Prince Andrew to miss royal family’s traditional pre-Christmas lunch

Prince Andrew
Prince Andrew is said to have taken the decision after speaking to his ex-wife, the Duchess of York. Photograph: FD/Francis Dias/Newspix International

The Duke of York will not attend the royal family’s traditional pre-Christmas lunch at Buckingham Palace on Thursday amid controversy over his links with an alleged Chinese spy.

Prince Andrew is said to have decided to pull out of the occasion after speaking to his ex-wife and close friend, Sarah, Duchess of York. He had already withdrawn from joining senior royals at Sandringham for the festive period.

The Buckingham Palace lunch is a private event for senior royals and their wider family who will not be attending Christmas celebrations at King Charles’s Sandringham home.

It was alleged at a high court hearing last week that the businessman Yang Tengbo, who has been banned from entering the UK, was said to have been a close confidant of Andrew. Yang has insisted it is “entirely untrue” to claim he was involved in espionage and that he has “done nothing wrong or unlawful”.

The businessman was the founder-partner of the Chinese arm of the duke’s Pitch@Palace initiative, and visited Buckingham Palace twice in 2018 to meet him. He is also said to have entered St James’s Palace and Windsor Castle at Andrew’s invitation.

Andrew ceased all contact with Yang when concerns were first raised about him, according to a statement from his office last week.
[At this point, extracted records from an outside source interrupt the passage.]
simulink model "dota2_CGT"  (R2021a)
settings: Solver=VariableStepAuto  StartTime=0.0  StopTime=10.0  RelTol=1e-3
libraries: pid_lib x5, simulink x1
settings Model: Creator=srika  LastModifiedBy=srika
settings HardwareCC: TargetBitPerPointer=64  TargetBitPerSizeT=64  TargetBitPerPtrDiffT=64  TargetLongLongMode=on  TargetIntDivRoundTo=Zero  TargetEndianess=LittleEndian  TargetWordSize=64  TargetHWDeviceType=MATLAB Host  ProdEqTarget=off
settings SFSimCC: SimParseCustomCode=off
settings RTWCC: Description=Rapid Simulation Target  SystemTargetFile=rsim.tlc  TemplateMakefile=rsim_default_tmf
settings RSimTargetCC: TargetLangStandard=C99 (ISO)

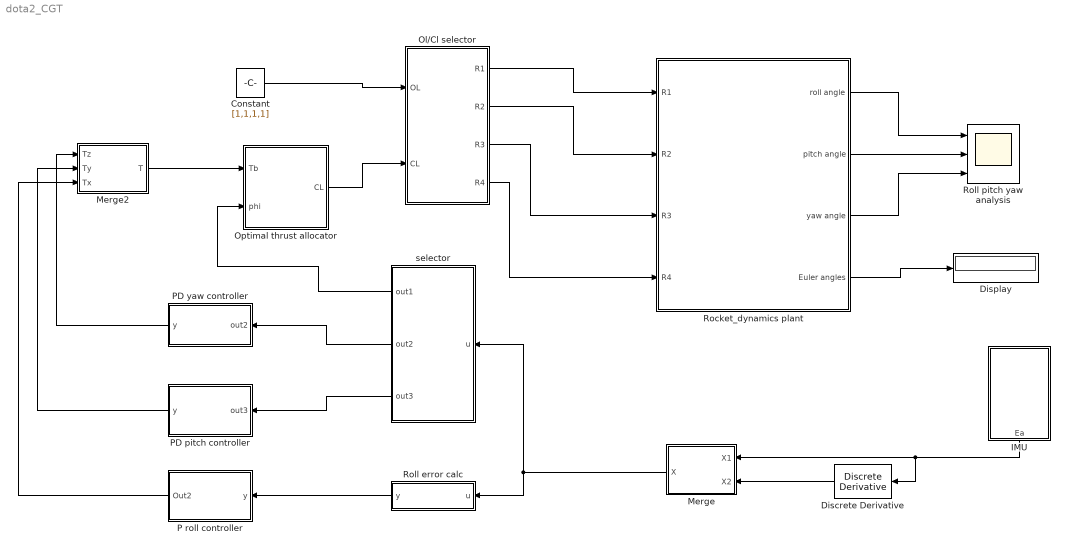
== system dota2_CGT ==
  " P roll controller" : Subsystem
  Constant : Constant  Value=[1,1,1,1]  VectorParams1D=off
  Discrete Derivative : simulink/Discrete/Discrete Derivative  gainval=1.0  ICPrevScaledInput=0.0  OutMin=[]  OutMax=[]  OutDataType=fixdt(1, 16)  OutScaling=2^-10  DoSatur=off
  Display : Display
  "IMU " : MATLAB Function  TreatAsAtomicUnit=on
  Merge : MATLAB Function  TreatAsAtomicUnit=on
  Merge2 : MATLAB Function  TreatAsAtomicUnit=on
  "Ol/Cl selector " : MATLAB Function  TreatAsAtomicUnit=on
  Optimal thrust allocator : Subsystem
  PD pitch controller : Subsystem
  PD yaw controller : Subsystem
  Rocket_dynamics plant : Subsystem
  Roll error calc : MATLAB Function  TreatAsAtomicUnit=on
  Roll pitch yaw analysis : Scope  NumInputPorts=3
  "selector " : MATLAB Function  TreatAsAtomicUnit=on
  wires:
  "IMU "/1(Ea) -> Merge/1(X1), Discrete Derivative/1
  Roll error calc/1(y) -> " P roll controller"/1(y)
  "selector "/1(out1) -> Optimal thrust allocator/2(phi)
  "selector "/2(out2) -> PD yaw controller/1(out2)
  "selector "/3(out3) -> PD pitch controller/1(out3)
  PD yaw controller/1(y) -> Merge2/1(Tz)
  PD pitch controller/1(y) -> Merge2/2(Ty)
  " P roll controller"/1(Out2) -> Merge2/3(Tx)
  Optimal thrust allocator/1(CL) -> "Ol/Cl selector "/2(CL)
  Constant/1 -> "Ol/Cl selector "/1(OL)
  "Ol/Cl selector "/1(R1) -> Rocket_dynamics plant/1(R1)
  "Ol/Cl selector "/2(R2) -> Rocket_dynamics plant/2(R2)
  "Ol/Cl selector "/3(R3) -> Rocket_dynamics plant/3(R3)
  "Ol/Cl selector "/4(R4) -> Rocket_dynamics plant/4(R4)
  Rocket_dynamics plant/1(roll angle) -> Roll pitch yaw analysis/1
  Rocket_dynamics plant/2(pitch angle) -> Roll pitch yaw analysis/2
  Rocket_dynamics plant/3(yaw angle) -> Roll pitch yaw analysis/3
  Merge2/1(T) -> Optimal thrust allocator/1(Tb)
  Discrete Derivative/1 -> Merge/2(X2)
  Merge/1(X) -> "selector "/1(u), Roll error calc/1(u)
  Rocket_dynamics plant/4(Euler angles) -> Display/1

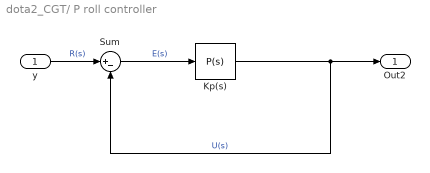
== system dota2_CGT/ P roll controller ==
  y : Inport
  Kp(s) : pid_lib/PID Controller  Controller=P  Form=Parallel  TimeDomain=Continuous-time  UseExternalTs=off  SampleTime=-1  IntegratorMethod=Forward Euler  FilterMethod=Forward Euler  ControllerParametersSource=internal  P=0.002063  I=1  D=5  UseFilter=on  N=100  TunerSelectOption=Transfer Function Based (PID Tuner App)  InitialConditionSource=internal  InitialConditionForIntegrator=0  InitialConditionForFilter=0  DifferentiatorICPrevScaledInput=0  ExternalReset=none  TrackingMode=off  Kt=1  LimitOutput=off  SatLimitsSource=internal  UpperSaturationLimit=inf  LowerSaturationLimit=-inf  LinearizeAsGain=on  AntiWindupMode=none  Kb=1  POutMin=[]  POutMax=[]  IOutMin=[]  IOutMax=[]  DOutMin=[]  DOutMax=[]  NOutMin=[]  NOutMax=[]  SumOutMin=[]  SumOutMax=[]  SaturationOutMin=[]  SaturationOutMax=[]  PParamMin=[]  PParamMax=[]  IParamMin=[]  IParamMax=[]  DParamMin=[]  DParamMax=[]  NParamMin=[]  NParamMax=[]  KbParamMin=[]  KbParamMax=[]  KtParamMin=[]  KtParamMax=[]  KbOutMin=[]  KbOutMax=[]  KtOutMin=[]  KtOutMax=[]  IntegratorOutMin=[]  IntegratorOutMax=[]  FilterOutMin=[]  FilterOutMax=[]  SumI1OutMin=[]  SumI1OutMax=[]  SumI2OutMin=[]  SumI2OutMax=[]  SumI3OutMin=[]  SumI3OutMax=[]  SumI4OutMin=[]  SumI4OutMax=[]  SumDOutMin=[]  SumDOutMax=[]  DifferentiatorOutMin=[]  DifferentiatorOutMax=[]  FilterDiffOutCoefMin=[]  FilterDiffOutCoefMax=[]  ReciprocalOutMin=[]  ReciprocalOutMax=[]  SumDenOutMin=[]  SumDenOutMax=[]  SumNumOutMin=[]  SumNumOutMax=[]  DivideOutMin=[]  DivideOutMax=[]  UdiffTsProdOutMin=[]  UdiffTsProdOutMax=[]  NTsProdOutMin=[]  NTsProdOutMax=[]  UintegralTsProdOutMin=[]  UintegralTsProdOutMax=[]  UngainTsProdOutMin=[]  UngainTsProdOutMax=[]  IntegratorContinuousStateAttributes=''  IntegratorStateMustResolveToSignalObject=off  IntegratorRTWStateStorageClass=Auto  FilterContinuousStateAttributes=''  FilterStateMustResolveToSignalObject=off  FilterRTWStateStorageClass=Auto  ParallelPVariant=InternalParameters  IdealPVariant=Disabled  IVariant=Disabled  DVariant=Disabled  IntegratorVariant=Disabled  SatVariant=Disabled  AWVariant=Disabled  PCopyVariant=Disabled  TRVariant=Disabled  FdbkBlocksVariant=Forward  IdealPFdbkVariant=Disabled  SatFdbkVariant=Disabled  DerivativeFilterVariant=Disabled  NVariant=Disabled  NCopyVariant=Disabled_SignalSpec  FilterICVariant=Disabled  IntegratorICVariant=Disabled  ExternalResetVariant=Disabled  TRSumVariant=Passthrough  SumFdbkVariant=Disabled  SumVariant=Passthrough_P  TsampFilterVariant=InternalTs  TsampNgainVariant=Passthrough  TsampIntegralVariant=Disabled_SignalSpec  ExternalSaturationOutDataTypeStr=Inherit: Same as second input
  Sum : Sum  Inputs=|+-
  Out2 : Outport
  wires:
  Sum/1 -> Kp(s)/1  "E(s)"
  Kp(s)/1 -> Sum/2, Out2/1  "U(s)"
  y/1 -> Sum/1  "R(s)"

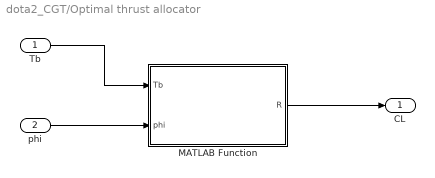
== system dota2_CGT/Optimal thrust allocator ==
  Tb : Inport
  phi : Inport  Port=2
  MATLAB Function : MATLAB Function  TreatAsAtomicUnit=on
  CL : Outport
  wires:
  Tb/1 -> MATLAB Function/1(Tb)
  phi/1 -> MATLAB Function/2(phi)
  MATLAB Function/1(R) -> CL/1

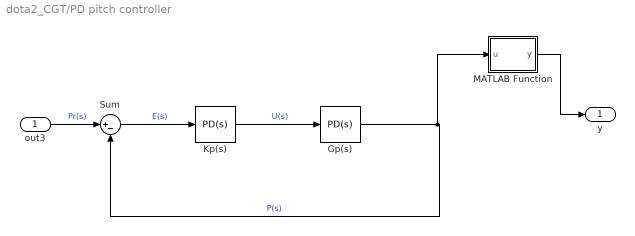
== system dota2_CGT/PD pitch controller ==
  out3 : Inport
  Gp(s) : pid_lib/PID Controller  Controller=PD  Form=Parallel  TimeDomain=Continuous-time  UseExternalTs=off  SampleTime=-1  IntegratorMethod=Forward Euler  FilterMethod=Forward Euler  ControllerParametersSource=internal  P=3  I=1  D=15  UseFilter=on  N=100  TunerSelectOption=Transfer Function Based (PID Tuner App)  InitialConditionSource=internal  InitialConditionForIntegrator=0  InitialConditionForFilter=0  DifferentiatorICPrevScaledInput=0  ExternalReset=none  TrackingMode=off  Kt=1  LimitOutput=off  SatLimitsSource=internal  UpperSaturationLimit=inf  LowerSaturationLimit=-inf  LinearizeAsGain=on  AntiWindupMode=none  Kb=1  POutMin=[]  POutMax=[]  IOutMin=[]  IOutMax=[]  DOutMin=[]  DOutMax=[]  NOutMin=[]  NOutMax=[]  SumOutMin=[]  SumOutMax=[]  SaturationOutMin=[]  SaturationOutMax=[]  PParamMin=[]  PParamMax=[]  IParamMin=[]  IParamMax=[]  DParamMin=[]  DParamMax=[]  NParamMin=[]  NParamMax=[]  KbParamMin=[]  KbParamMax=[]  KtParamMin=[]  KtParamMax=[]  KbOutMin=[]  KbOutMax=[]  KtOutMin=[]  KtOutMax=[]  IntegratorOutMin=[]  IntegratorOutMax=[]  FilterOutMin=[]  FilterOutMax=[]  SumI1OutMin=[]  SumI1OutMax=[]  SumI2OutMin=[]  SumI2OutMax=[]  SumI3OutMin=[]  SumI3OutMax=[]  SumI4OutMin=[]  SumI4OutMax=[]  SumDOutMin=[]  SumDOutMax=[]  DifferentiatorOutMin=[]  DifferentiatorOutMax=[]  FilterDiffOutCoefMin=[]  FilterDiffOutCoefMax=[]  ReciprocalOutMin=[]  ReciprocalOutMax=[]  SumDenOutMin=[]  SumDenOutMax=[]  SumNumOutMin=[]  SumNumOutMax=[]  DivideOutMin=[]  DivideOutMax=[]  UdiffTsProdOutMin=[]  UdiffTsProdOutMax=[]  NTsProdOutMin=[]  NTsProdOutMax=[]  UintegralTsProdOutMin=[]  UintegralTsProdOutMax=[]  UngainTsProdOutMin=[]  UngainTsProdOutMax=[]  IntegratorContinuousStateAttributes=''  IntegratorStateMustResolveToSignalObject=off  IntegratorRTWStateStorageClass=Auto  FilterContinuousStateAttributes=''  FilterStateMustResolveToSignalObject=off  FilterRTWStateStorageClass=Auto  ParallelPVariant=InternalParameters  IdealPVariant=Disabled  IVariant=Disabled  DVariant=InternalParameters  IntegratorVariant=Disabled  SatVariant=Disabled  AWVariant=Disabled  PCopyVariant=Disabled  TRVariant=Disabled  FdbkBlocksVariant=Forward  IdealPFdbkVariant=Disabled  SatFdbkVariant=Disabled  DerivativeFilterVariant=ContFilter  NVariant=InternalParameters  NCopyVariant=Disabled  FilterICVariant=InternalICsFilter  IntegratorICVariant=Disabled  ExternalResetVariant=Disabled  TRSumVariant=Passthrough  SumFdbkVariant=Disabled  SumVariant=Sum_PD  TsampFilterVariant=InternalTs  TsampNgainVariant=Passthrough  TsampIntegralVariant=Disabled_SignalSpec  ExternalSaturationOutDataTypeStr=Inherit: Same as second input
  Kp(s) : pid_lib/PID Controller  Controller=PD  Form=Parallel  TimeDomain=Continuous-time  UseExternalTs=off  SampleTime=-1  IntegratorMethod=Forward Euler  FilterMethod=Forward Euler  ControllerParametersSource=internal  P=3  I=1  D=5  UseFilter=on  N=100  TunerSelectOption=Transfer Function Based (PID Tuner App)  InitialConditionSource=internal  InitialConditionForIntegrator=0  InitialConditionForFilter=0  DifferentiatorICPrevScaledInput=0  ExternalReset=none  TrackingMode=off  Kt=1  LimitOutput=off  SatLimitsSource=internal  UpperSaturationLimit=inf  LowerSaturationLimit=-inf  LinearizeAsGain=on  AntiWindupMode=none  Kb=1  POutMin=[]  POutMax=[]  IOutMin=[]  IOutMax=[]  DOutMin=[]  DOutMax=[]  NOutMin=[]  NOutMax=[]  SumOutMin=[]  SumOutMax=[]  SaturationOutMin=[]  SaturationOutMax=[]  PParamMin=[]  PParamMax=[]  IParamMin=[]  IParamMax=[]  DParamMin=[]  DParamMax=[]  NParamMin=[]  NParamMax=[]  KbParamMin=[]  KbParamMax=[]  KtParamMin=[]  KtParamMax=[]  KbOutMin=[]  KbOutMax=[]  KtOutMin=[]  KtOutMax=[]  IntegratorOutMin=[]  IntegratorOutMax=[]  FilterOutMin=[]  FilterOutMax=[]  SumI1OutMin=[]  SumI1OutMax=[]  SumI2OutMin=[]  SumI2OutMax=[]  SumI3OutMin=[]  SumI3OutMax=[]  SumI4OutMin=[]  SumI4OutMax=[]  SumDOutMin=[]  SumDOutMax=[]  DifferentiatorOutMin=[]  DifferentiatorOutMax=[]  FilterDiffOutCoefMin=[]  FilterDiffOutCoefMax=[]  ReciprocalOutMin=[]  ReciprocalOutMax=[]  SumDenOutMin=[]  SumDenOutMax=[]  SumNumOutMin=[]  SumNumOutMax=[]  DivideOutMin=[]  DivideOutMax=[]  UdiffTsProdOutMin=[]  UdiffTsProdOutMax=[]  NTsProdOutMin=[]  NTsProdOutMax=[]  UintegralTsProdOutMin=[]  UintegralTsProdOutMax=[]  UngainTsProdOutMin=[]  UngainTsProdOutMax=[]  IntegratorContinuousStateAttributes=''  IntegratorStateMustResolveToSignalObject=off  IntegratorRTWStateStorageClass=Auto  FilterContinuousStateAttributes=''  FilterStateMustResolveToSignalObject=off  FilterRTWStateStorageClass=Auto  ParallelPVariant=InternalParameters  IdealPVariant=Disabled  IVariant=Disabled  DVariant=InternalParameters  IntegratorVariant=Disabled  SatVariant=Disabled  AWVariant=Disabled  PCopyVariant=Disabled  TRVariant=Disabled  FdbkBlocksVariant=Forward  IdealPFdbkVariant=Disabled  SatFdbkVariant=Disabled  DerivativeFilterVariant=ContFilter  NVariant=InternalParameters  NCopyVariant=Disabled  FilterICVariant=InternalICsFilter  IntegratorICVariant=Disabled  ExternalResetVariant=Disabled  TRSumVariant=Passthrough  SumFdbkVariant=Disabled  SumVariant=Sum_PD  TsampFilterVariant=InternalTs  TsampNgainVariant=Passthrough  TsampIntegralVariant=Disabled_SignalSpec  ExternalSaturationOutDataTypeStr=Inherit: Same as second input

It said the prince met Yang through official channels with “nothing of a sensitive nature ever discussed”.

Andrew and the Duchess of York were reportedly on the guest list for Thursday’s lunch for about 70 members of the extended royal family, which is seen as a family rather than official occasion.

Sources told the Daily Mail that Buckingham Palace was unsure if the couple would attend until Wednesday. Senior royal aides are said to have been optimistically operating on the working assumption the duke would “see sense” and decide to “keep his head down”.